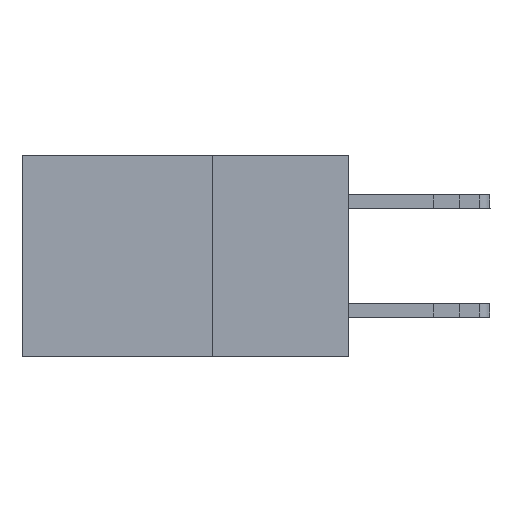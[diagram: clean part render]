
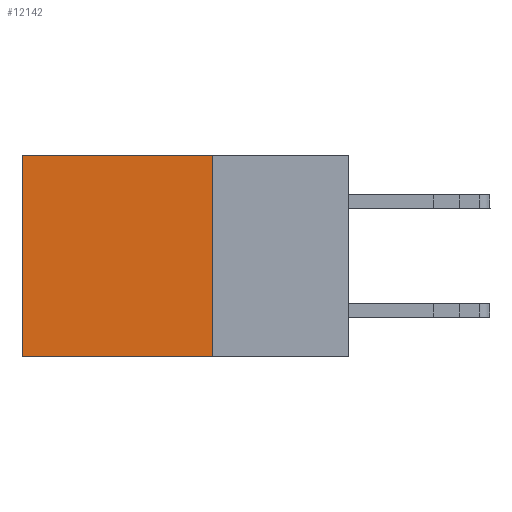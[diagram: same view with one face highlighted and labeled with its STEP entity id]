
A CAD part, left-side view. The second image highlights one B-rep face of the part: STEP entity #12142.
In plain terms, the highlighted planar face has unit normal (-1, 0, 0).
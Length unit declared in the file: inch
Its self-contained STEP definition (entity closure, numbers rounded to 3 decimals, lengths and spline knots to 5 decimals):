
#574 = LINE ( 'NONE', #16902, #5046 ) ;
#1120 = CARTESIAN_POINT ( 'NONE',  ( 0.298, 0.25, 0. ) ) ;
#1356 = EDGE_CURVE ( 'NONE', #4674, #1538, #13728, .T. ) ;
#1521 = VECTOR ( 'NONE', #12479, 39.37008 ) ;
#1538 = VERTEX_POINT ( 'NONE', #14383 ) ;
#2239 = DIRECTION ( 'NONE',  ( 0., 0., -1. ) ) ;
#3024 = CARTESIAN_POINT ( 'NONE',  ( 0.298, 0.25, -0.37 ) ) ;
#4136 = AXIS2_PLACEMENT_3D ( 'NONE', #10561, #12213, #2239 ) ;
#4674 = VERTEX_POINT ( 'NONE', #3024 ) ;
#5046 = VECTOR ( 'NONE', #7062, 39.37008 ) ;
#5900 = EDGE_CURVE ( 'NONE', #19733, #1538, #574, .T. ) ;
#7062 = DIRECTION ( 'NONE',  ( 0., 0., -1. ) ) ;
#7782 = CARTESIAN_POINT ( 'NONE',  ( 0.298, 0.25, 0. ) ) ;
#7793 = VECTOR ( 'NONE', #17647, 39.37008 ) ;
#9364 = VECTOR ( 'NONE', #19700, 39.37008 ) ;
#10561 = CARTESIAN_POINT ( 'NONE',  ( 0.298, 0.25, 0. ) ) ;
#10797 = CARTESIAN_POINT ( 'NONE',  ( 0.298, 0.6, 0. ) ) ;
#11379 = VERTEX_POINT ( 'NONE', #7782 ) ;
#12142 = ADVANCED_FACE ( 'NONE', ( #14694 ), #20401, .F. ) ;
#12213 = DIRECTION ( 'NONE',  ( 1., 0., 0. ) ) ;
#12479 = DIRECTION ( 'NONE',  ( 0., 0., -1. ) ) ;
#12974 = EDGE_CURVE ( 'NONE', #11379, #4674, #18607, .T. ) ;
#13086 = EDGE_CURVE ( 'NONE', #11379, #19733, #20927, .T. ) ;
#13728 = LINE ( 'NONE', #20606, #9364 ) ;
#13943 = ORIENTED_EDGE ( 'NONE', *, *, #5900, .T. ) ;
#14198 = CARTESIAN_POINT ( 'NONE',  ( 0.298, 0.25, 0. ) ) ;
#14383 = CARTESIAN_POINT ( 'NONE',  ( 0.298, 0.6, -0.37 ) ) ;
#14694 = FACE_OUTER_BOUND ( 'NONE', #19235, .T. ) ;
#14981 = ORIENTED_EDGE ( 'NONE', *, *, #12974, .F. ) ;
#16150 = ORIENTED_EDGE ( 'NONE', *, *, #13086, .T. ) ;
#16651 = ORIENTED_EDGE ( 'NONE', *, *, #1356, .F. ) ;
#16902 = CARTESIAN_POINT ( 'NONE',  ( 0.298, 0.6, 0. ) ) ;
#17647 = DIRECTION ( 'NONE',  ( 0., 1., 0. ) ) ;
#18607 = LINE ( 'NONE', #14198, #1521 ) ;
#19235 = EDGE_LOOP ( 'NONE', ( #13943, #16651, #14981, #16150 ) ) ;
#19700 = DIRECTION ( 'NONE',  ( 0., 1., 0. ) ) ;
#19733 = VERTEX_POINT ( 'NONE', #10797 ) ;
#20401 = PLANE ( 'NONE',  #4136 ) ;
#20606 = CARTESIAN_POINT ( 'NONE',  ( 0.298, 0.25, -0.37 ) ) ;
#20927 = LINE ( 'NONE', #1120, #7793 ) ;

**Task requirements**
Within the listing above, the range opens at the line with "In plain terms, the" and closes at the line with "#1120 = CARTESIAN_POINT". Reproduce exactly the lines of that range, including both ends.

**Result for this task**
In plain terms, the highlighted planar face has unit normal (-1, 0, 0).
Length unit declared in the file: inch
Its self-contained STEP definition (entity closure, numbers rounded to 3 decimals, lengths and spline knots to 5 decimals):
#574 = LINE ( 'NONE', #16902, #5046 ) ;
#1120 = CARTESIAN_POINT ( 'NONE',  ( 0.298, 0.25, 0. ) ) ;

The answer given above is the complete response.